Day-traders who participated in the study provided a daily assessment of their emotional state, along with details on their daily trading, including profits and losses. The traders, who were enrolled in an online trading program, had accounts ranging from $200 to $1.8 million and varying degrees of success at trading on paper and in reality.

Traders with extremely intense emotions had the worst overall trading performance, researchers found. Traders with the best performance had reactions somewhere in the middle, stronger than those reporting little emotional response, but not intensely happy when their trades did well or down in the dumps when they didn’t.

“Having an intermediate range of emotion response seems to be the sweet spot,” said Lo.

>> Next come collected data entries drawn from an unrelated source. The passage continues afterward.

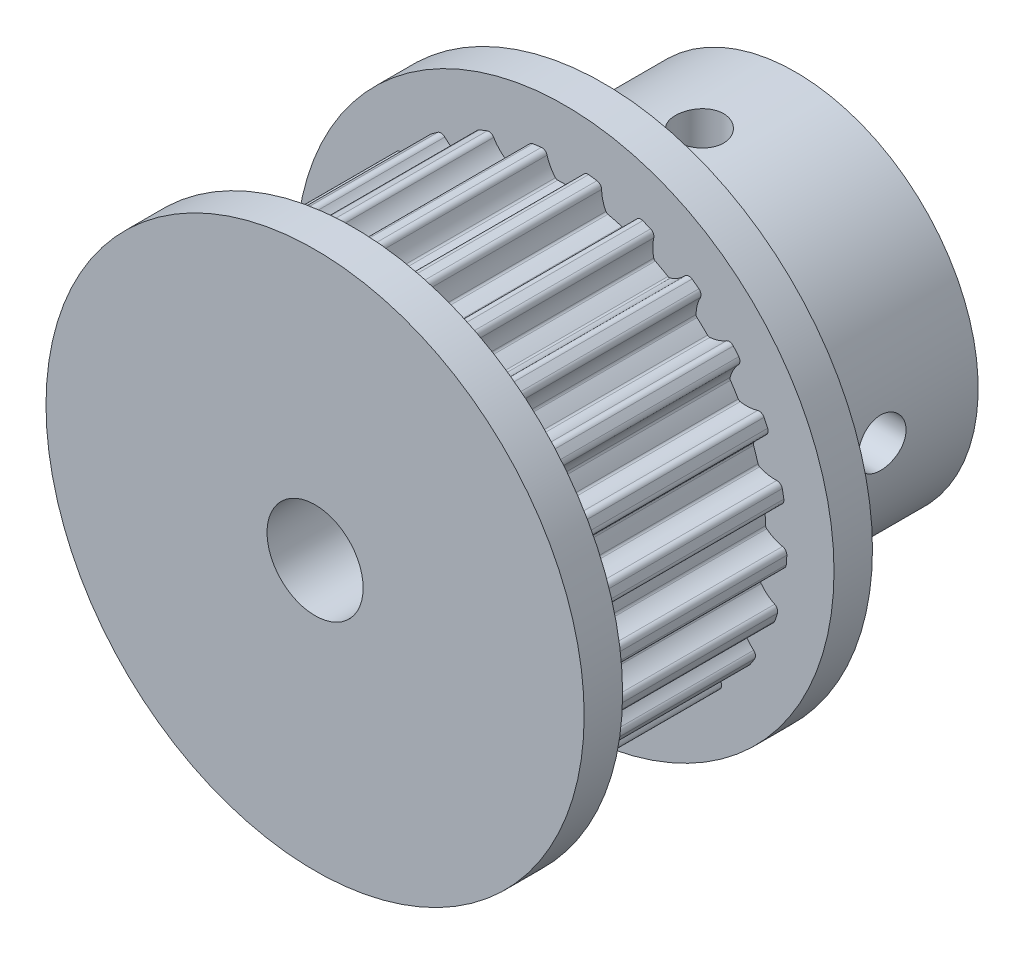
SolidWorks part; units mm, degrees
material "6061-T6 (SS)"
ref_plane "前基準面" through (0, 0, 0) normal (0, 0, 1) x (1, 0, 0)
ref_plane "上基準面" through (0, 0, 0) normal (0, 1, 0) x (1, 0, 0)
ref_plane "右基準面" through (0, 0, 0) normal (1, 0, 0) x (0, 0, -1)
sketch "草圖1" plane through (0, 0, 0) normal (0, 0, 1) x (1, 0, 0)
  circle A0 centre (0, 0) radius 11.555
  dimension "D1" = 23.11
extrude "填料-伸長1" add sketch "草圖1" along normal mid plane 11
sketch "草圖2" plane through (0, 0, 5.5) normal (0, 0, 1) x (1, 0, 0)
  line L0 (0, 0) -> (0, 11.809) construction
  line L1 (-0.975, 11.809) -> (0.975, 11.809) construction
  arc A0 (-0.3761, 10.4382) -> (0.3761, 10.4382) centre (0, 0) cw
  circle A1 centre (0, 0) radius 11.555 construction
  arc A2 (-1.2291, 11.4894) -> (-0.9293, 11.2853) centre (-1.1993, 11.211) cw
  arc A3 (-0.9293, 11.2853) -> (-0.493, 10.4878) centre (0.975, 11.809) ccw
  arc A4 (-0.493, 10.4878) -> (-0.3761, 10.4382) centre (-0.3815, 10.5881) ccw
  arc A5 (0.493, 10.4878) -> (0.3761, 10.4382) centre (0.3815, 10.5881) cw
  arc A6 (0.9293, 11.2853) -> (0.493, 10.4878) centre (-0.975, 11.809) cw
  arc A7 (1.2291, 11.4894) -> (0.9293, 11.2853) centre (1.1993, 11.211) ccw
  point P6 (0, 10.445)
  point P18 (0, 11.555)
  dimension "D1" = 1.11
  dimension "D2" = 0.15
  dimension "D3" = 1.975
  dimension "D4" = 0.28
  dimension "D5" = 1.95
  dimension "D6" = 0.254
extrude "除料-伸長1" cut sketch "草圖2" against normal through all and the other way through all flip side to cut
pattern_circular "環狀複製排列1" count 25 over 360 about axis through (0, 0, 5.5) along (0, 0, 1) of "除料-伸長1"
sketch "草圖3" plane through (0, 0, 5.5) normal (0, 0, 1) x (1, 0, 0)
  circle A0 centre (0, 0) radius 14
  dimension "D1" = 28
extrude "填料-伸長2" add sketch "草圖3" along normal blind 2
mirror "鏡射1" about plane through (0, 0, 0) normal (0, 0, 1) of "填料-伸長2"
sketch "草圖5" plane through (0, 0, -7.5) normal (0, 0, -1) x (-1, 0, 0)
  circle A0 centre (0, 0) radius 9.5
  dimension "D1" = 19
extrude "填料-伸長3" add sketch "草圖5" along normal blind 10
sketch "草圖4" plane through (0, 0, 7.5) normal (0, 0, 1) x (1, 0, 0)
  circle A0 centre (0, 0) radius 2.5
  dimension "D1" = 5
extrude "除料-伸長2" cut sketch "草圖4" against normal through all
hole_wizard "M3x0.5 螺紋孔1" positions "草圖6" profile "草圖7" tap size "M3x0.5" standard "Ansi Metric"
sketch "草圖6" plane through (0, 0, 0) normal (0, 1, 0) x (1, 0, 0)
  point P0 (0, 12.5)
sketch "草圖7" plane through (0, 0, -12.5) normal (1, 0, 0) x (0, 0, -1)
  line L0 (0, 0) -> (0, 14)
  line L1 (0, 14) -> (1.25, 14)
  line L2 (1.25, 14) -> (1.25, 0)
  line L5 (1.25, 0) -> (0, 0)
  line L11 (0, -6.35) -> (0, 107.95) construction
  dimension "貫穿螺孔鑽直徑" = 2.5
  dimension "貫穿螺孔鑽深度" = 14
pattern_circular "環狀複製排列2" count 2 every 90 about axis through (0, 0, -17.5) along (0, 0, -1) of "M3x0.5 螺紋孔1"

Researchers also found there isn’t necessarily a trading personality marked by aggressiveness, for instance. The researchers said that suggests “different personality types may be able to perform trading functions equally well after proper instruction and practice,” provided they don’t get too emotional about profits or losses.

Lo said the researchers someday hope to create tests that employers could use to evaluate whether applicants would make good traders. They also would like to develop an online program that would allow individual investors to determine if they are too emotional to make wise financial decisions for themselves.

For now, the researchers are focusing on studying short-term traders and Lo acknowledged it isn’t clear if results from that group will hold true for long-term investors.

“Warren Buffett is a successful investor. I’m not sure how he would do as a day-trader,” said Lo.